## [PROMPT]
Copy exactly, and only, the lines between the start of the entries below and the line containing "#9=PRODUCT_DEFINITION_SHAPE('','',#8);", both inclusive. Omit pictures.

## [TASK INPUTS]
————

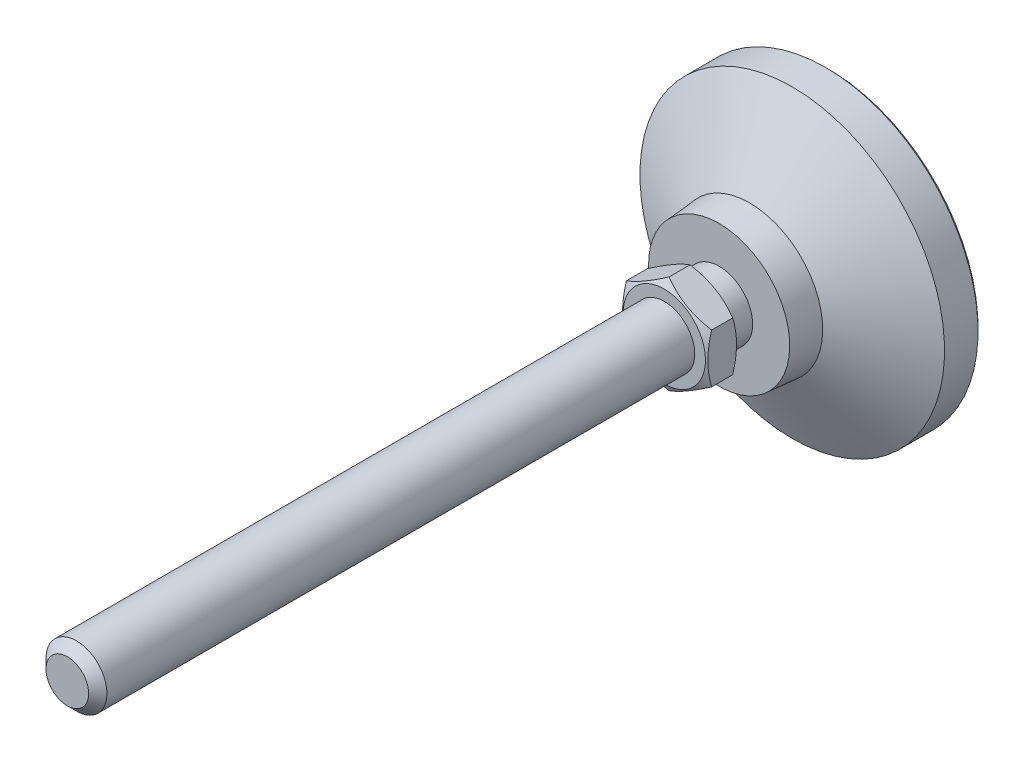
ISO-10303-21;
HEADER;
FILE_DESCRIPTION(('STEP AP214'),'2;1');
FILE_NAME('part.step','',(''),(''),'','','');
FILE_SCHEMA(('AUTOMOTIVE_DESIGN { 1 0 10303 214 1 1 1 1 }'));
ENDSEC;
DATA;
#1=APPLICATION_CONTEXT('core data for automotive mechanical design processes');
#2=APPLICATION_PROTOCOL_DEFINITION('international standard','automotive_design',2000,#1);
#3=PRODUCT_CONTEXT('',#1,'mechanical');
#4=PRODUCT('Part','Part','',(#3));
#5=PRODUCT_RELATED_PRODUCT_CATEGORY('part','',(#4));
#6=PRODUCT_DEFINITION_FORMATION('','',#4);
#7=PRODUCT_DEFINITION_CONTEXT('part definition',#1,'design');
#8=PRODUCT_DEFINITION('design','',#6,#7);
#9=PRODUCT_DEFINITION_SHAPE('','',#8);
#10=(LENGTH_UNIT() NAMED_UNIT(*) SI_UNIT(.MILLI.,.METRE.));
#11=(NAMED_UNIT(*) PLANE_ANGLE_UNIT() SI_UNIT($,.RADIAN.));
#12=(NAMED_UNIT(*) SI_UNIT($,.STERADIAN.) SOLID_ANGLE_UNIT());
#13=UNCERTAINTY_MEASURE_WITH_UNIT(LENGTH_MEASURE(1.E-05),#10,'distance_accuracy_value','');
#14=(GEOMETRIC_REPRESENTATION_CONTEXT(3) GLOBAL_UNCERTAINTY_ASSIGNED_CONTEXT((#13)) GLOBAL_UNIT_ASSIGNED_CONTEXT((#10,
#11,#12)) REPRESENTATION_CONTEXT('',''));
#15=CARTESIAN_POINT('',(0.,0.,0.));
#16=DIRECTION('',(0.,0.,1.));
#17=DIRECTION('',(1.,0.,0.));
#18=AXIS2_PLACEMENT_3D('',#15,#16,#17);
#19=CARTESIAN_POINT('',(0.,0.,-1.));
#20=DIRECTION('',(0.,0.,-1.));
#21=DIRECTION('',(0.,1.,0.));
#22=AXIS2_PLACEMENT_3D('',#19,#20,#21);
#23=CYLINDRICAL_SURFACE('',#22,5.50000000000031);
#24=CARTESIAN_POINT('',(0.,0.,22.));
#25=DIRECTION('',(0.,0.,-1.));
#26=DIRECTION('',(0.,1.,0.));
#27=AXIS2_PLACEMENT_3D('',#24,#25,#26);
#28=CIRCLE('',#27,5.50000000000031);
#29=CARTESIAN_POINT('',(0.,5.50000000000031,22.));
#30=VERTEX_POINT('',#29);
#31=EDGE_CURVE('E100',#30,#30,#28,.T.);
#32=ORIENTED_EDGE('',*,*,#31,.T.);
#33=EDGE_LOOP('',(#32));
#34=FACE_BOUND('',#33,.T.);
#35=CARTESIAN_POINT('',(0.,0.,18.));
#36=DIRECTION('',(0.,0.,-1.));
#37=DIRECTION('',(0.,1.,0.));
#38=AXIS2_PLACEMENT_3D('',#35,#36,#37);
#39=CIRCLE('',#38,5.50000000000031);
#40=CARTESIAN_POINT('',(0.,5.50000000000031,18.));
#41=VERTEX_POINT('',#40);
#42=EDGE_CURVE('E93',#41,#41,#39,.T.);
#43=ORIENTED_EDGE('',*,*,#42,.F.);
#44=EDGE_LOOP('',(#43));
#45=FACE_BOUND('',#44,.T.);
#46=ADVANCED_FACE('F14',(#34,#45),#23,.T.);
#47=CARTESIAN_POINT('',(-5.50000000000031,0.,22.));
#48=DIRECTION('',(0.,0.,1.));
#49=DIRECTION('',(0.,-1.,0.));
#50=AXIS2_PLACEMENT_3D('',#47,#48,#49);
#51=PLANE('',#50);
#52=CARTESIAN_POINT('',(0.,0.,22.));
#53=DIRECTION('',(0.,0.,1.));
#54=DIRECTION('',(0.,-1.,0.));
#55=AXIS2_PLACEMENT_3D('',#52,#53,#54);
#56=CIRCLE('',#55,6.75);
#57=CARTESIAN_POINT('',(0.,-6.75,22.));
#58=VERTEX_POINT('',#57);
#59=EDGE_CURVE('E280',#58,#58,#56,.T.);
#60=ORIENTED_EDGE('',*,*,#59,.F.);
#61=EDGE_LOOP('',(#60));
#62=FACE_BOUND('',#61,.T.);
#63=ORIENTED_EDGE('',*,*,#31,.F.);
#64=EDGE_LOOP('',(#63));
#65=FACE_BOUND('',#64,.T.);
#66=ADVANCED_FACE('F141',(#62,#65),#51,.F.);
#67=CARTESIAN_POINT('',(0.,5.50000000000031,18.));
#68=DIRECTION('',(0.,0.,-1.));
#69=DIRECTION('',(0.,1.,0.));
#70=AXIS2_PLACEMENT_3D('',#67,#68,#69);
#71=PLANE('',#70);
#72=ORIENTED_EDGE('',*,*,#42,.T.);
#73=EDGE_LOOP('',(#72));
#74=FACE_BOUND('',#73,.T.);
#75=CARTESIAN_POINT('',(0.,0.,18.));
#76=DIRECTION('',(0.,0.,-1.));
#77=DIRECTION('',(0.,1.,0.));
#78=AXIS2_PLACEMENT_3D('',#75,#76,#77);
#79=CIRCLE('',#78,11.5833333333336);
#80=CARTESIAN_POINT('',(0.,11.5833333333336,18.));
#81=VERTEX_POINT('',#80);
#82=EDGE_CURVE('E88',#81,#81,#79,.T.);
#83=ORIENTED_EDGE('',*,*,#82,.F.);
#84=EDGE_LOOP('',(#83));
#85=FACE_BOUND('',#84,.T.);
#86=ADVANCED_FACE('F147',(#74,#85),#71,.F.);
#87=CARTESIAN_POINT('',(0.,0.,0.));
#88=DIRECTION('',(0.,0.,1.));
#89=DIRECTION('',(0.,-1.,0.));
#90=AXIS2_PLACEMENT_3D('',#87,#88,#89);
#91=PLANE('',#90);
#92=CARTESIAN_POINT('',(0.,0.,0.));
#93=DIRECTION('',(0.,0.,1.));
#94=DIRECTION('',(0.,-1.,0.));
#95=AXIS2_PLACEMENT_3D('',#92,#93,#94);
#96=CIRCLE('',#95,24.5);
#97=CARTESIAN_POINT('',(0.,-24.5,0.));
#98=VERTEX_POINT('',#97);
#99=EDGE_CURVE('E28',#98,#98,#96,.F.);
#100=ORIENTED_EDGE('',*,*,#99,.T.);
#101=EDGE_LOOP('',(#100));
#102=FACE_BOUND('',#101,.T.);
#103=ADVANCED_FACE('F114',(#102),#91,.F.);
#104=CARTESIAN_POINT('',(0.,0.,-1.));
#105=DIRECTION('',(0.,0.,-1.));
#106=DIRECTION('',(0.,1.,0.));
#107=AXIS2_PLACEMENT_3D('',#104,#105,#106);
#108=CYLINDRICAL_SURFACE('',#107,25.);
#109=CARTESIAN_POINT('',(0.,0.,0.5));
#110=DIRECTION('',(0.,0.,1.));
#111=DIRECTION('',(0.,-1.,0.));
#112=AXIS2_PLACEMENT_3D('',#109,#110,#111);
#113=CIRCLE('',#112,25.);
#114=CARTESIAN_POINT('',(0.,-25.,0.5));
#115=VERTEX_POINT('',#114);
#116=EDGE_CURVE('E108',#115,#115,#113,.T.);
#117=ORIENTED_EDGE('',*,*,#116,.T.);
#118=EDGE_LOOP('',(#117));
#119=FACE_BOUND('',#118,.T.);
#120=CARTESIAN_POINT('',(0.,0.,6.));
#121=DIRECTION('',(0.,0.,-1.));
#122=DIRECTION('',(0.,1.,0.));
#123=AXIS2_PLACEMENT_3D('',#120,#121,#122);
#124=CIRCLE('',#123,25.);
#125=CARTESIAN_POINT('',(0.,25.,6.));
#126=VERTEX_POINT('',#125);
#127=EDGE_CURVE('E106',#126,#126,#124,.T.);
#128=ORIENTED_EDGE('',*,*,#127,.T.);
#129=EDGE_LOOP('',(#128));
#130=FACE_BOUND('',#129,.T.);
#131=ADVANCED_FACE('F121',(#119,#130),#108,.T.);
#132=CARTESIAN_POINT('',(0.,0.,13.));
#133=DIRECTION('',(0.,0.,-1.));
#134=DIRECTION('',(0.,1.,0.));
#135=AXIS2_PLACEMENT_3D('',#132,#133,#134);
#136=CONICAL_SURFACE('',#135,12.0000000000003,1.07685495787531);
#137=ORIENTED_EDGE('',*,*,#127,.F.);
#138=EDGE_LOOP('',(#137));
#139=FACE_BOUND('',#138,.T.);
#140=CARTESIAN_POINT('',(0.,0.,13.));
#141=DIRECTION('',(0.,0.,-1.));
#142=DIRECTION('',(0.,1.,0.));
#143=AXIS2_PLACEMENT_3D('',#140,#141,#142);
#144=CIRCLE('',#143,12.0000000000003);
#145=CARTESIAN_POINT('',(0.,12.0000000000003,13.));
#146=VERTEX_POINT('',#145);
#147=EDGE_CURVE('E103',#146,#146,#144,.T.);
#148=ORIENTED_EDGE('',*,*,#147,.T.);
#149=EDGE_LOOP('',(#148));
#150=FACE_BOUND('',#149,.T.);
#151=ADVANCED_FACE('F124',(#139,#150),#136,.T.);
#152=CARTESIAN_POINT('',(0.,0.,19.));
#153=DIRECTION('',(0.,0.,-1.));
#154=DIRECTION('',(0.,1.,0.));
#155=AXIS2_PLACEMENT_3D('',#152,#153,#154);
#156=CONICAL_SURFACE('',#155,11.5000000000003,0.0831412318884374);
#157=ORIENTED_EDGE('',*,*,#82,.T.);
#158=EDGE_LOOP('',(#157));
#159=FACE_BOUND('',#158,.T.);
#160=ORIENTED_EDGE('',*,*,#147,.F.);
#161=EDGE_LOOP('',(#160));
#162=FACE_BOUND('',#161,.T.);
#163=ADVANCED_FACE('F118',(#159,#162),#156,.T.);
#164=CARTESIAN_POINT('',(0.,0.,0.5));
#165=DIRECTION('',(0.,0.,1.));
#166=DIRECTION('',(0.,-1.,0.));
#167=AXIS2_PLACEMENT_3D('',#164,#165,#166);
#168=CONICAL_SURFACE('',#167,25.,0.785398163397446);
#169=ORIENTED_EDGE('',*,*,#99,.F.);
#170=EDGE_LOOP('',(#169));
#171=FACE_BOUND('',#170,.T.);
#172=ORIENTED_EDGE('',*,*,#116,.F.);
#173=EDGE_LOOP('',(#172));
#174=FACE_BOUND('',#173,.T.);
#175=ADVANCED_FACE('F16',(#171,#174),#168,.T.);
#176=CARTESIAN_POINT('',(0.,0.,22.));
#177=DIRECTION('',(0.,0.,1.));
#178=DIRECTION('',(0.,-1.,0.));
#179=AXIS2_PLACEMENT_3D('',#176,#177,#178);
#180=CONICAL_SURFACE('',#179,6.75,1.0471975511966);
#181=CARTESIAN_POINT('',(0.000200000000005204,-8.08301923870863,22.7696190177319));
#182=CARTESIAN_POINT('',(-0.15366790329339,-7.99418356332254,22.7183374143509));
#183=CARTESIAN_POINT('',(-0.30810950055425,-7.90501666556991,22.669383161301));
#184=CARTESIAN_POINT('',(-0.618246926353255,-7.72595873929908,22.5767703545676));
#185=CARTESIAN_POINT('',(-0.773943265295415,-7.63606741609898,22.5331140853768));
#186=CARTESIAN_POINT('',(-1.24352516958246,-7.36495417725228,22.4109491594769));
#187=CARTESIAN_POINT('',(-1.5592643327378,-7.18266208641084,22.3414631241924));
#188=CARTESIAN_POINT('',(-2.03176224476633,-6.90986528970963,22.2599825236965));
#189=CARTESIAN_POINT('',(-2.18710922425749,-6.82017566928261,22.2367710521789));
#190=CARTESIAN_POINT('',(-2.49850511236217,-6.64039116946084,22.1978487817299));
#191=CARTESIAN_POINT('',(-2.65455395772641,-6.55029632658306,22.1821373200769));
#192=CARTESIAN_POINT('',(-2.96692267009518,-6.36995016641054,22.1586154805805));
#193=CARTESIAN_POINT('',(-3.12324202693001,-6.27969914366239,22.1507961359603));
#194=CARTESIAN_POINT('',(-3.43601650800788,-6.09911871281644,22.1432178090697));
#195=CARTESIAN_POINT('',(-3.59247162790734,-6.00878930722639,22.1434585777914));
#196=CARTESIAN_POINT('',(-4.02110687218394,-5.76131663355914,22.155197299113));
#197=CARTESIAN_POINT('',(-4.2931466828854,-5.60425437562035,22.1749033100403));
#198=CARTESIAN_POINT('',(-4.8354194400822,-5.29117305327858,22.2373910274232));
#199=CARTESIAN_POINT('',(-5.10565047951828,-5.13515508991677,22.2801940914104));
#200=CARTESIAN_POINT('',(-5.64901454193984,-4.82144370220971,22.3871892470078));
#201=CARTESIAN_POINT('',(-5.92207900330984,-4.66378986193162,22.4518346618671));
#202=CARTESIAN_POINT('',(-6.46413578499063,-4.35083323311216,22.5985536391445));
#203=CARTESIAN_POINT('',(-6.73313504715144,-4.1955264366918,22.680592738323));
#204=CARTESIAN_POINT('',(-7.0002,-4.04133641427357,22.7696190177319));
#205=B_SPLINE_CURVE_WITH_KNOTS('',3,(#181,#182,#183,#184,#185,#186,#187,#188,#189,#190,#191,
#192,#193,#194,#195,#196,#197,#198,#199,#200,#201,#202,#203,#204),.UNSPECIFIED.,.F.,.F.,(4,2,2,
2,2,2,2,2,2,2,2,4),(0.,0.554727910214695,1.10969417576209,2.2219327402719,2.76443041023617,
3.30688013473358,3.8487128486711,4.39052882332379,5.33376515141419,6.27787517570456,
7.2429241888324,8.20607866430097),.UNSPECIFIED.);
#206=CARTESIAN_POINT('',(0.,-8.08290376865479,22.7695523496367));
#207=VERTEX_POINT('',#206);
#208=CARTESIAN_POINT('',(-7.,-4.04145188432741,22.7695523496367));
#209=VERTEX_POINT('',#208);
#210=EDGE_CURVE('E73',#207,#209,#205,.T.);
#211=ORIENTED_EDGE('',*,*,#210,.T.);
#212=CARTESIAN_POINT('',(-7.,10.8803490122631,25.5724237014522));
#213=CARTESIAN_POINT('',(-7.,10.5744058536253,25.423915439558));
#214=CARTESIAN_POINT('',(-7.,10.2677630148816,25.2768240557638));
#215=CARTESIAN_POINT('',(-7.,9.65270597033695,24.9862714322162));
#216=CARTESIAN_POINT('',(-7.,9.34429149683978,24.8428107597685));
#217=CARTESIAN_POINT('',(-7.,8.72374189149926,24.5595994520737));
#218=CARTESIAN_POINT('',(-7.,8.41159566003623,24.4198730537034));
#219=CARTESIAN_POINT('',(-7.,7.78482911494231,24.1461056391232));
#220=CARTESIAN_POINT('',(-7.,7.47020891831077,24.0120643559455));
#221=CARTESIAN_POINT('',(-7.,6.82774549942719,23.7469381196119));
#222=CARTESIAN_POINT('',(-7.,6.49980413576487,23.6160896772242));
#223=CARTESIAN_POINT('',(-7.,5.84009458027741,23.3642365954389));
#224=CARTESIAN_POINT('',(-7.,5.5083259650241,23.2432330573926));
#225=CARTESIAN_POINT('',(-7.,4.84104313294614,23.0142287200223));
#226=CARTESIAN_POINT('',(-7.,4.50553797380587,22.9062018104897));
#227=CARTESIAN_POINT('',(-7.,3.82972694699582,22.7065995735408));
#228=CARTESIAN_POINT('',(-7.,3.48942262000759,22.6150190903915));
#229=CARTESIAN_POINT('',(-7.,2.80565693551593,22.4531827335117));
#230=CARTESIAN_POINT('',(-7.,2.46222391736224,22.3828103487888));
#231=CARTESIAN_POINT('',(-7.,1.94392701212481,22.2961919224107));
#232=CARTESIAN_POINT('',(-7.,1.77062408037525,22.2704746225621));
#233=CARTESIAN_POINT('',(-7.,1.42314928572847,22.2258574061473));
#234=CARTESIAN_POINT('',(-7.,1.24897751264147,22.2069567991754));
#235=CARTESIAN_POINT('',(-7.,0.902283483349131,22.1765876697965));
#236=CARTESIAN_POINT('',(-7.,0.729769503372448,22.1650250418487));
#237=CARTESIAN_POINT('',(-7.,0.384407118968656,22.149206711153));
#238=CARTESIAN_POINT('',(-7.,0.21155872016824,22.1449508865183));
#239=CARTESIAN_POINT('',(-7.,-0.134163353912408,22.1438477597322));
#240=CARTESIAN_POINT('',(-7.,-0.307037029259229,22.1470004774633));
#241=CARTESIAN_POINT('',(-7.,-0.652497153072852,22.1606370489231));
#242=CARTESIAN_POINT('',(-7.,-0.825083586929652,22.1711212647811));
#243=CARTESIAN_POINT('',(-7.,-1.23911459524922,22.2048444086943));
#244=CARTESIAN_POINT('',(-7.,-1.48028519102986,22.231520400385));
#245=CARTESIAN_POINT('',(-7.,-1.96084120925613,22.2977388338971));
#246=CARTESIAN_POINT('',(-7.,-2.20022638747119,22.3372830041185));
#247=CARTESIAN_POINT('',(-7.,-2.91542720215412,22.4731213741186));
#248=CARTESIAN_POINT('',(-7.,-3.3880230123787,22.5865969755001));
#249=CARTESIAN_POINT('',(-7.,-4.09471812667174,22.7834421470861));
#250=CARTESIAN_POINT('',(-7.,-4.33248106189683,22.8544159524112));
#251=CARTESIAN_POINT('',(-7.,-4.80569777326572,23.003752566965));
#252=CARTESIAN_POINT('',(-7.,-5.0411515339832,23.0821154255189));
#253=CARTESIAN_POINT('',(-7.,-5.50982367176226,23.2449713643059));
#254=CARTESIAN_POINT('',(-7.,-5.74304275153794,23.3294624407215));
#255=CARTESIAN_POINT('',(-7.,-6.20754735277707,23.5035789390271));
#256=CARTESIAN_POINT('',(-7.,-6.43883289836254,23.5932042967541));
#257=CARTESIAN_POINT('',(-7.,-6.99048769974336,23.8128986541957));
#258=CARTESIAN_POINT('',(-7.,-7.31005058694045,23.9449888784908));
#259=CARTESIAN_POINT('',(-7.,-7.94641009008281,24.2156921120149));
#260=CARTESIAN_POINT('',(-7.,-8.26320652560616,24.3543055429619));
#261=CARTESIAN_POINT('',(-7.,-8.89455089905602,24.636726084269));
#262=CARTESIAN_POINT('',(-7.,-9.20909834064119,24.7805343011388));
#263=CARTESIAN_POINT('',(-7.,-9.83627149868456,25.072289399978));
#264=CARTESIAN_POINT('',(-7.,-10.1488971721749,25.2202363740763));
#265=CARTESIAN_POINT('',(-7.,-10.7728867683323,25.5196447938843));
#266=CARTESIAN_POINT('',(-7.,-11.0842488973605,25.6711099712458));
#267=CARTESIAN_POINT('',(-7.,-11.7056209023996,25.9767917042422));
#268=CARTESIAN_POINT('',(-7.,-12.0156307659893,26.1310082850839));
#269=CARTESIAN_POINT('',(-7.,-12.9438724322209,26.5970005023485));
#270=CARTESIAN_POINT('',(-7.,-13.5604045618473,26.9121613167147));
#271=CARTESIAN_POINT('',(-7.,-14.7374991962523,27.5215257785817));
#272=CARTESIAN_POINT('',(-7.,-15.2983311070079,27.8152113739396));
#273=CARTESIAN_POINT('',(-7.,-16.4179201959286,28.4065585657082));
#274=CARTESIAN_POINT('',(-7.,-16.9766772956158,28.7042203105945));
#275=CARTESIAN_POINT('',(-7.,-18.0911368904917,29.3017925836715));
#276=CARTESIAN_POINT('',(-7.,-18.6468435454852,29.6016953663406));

————

## [EXPECTED ANSWER]
ISO-10303-21;
HEADER;
FILE_DESCRIPTION(('STEP AP214'),'2;1');
FILE_NAME('part.step','',(''),(''),'','','');
FILE_SCHEMA(('AUTOMOTIVE_DESIGN { 1 0 10303 214 1 1 1 1 }'));
ENDSEC;
DATA;
#1=APPLICATION_CONTEXT('core data for automotive mechanical design processes');
#2=APPLICATION_PROTOCOL_DEFINITION('international standard','automotive_design',2000,#1);
#3=PRODUCT_CONTEXT('',#1,'mechanical');
#4=PRODUCT('Part','Part','',(#3));
#5=PRODUCT_RELATED_PRODUCT_CATEGORY('part','',(#4));
#6=PRODUCT_DEFINITION_FORMATION('','',#4);
#7=PRODUCT_DEFINITION_CONTEXT('part definition',#1,'design');
#8=PRODUCT_DEFINITION('design','',#6,#7);
#9=PRODUCT_DEFINITION_SHAPE('','',#8);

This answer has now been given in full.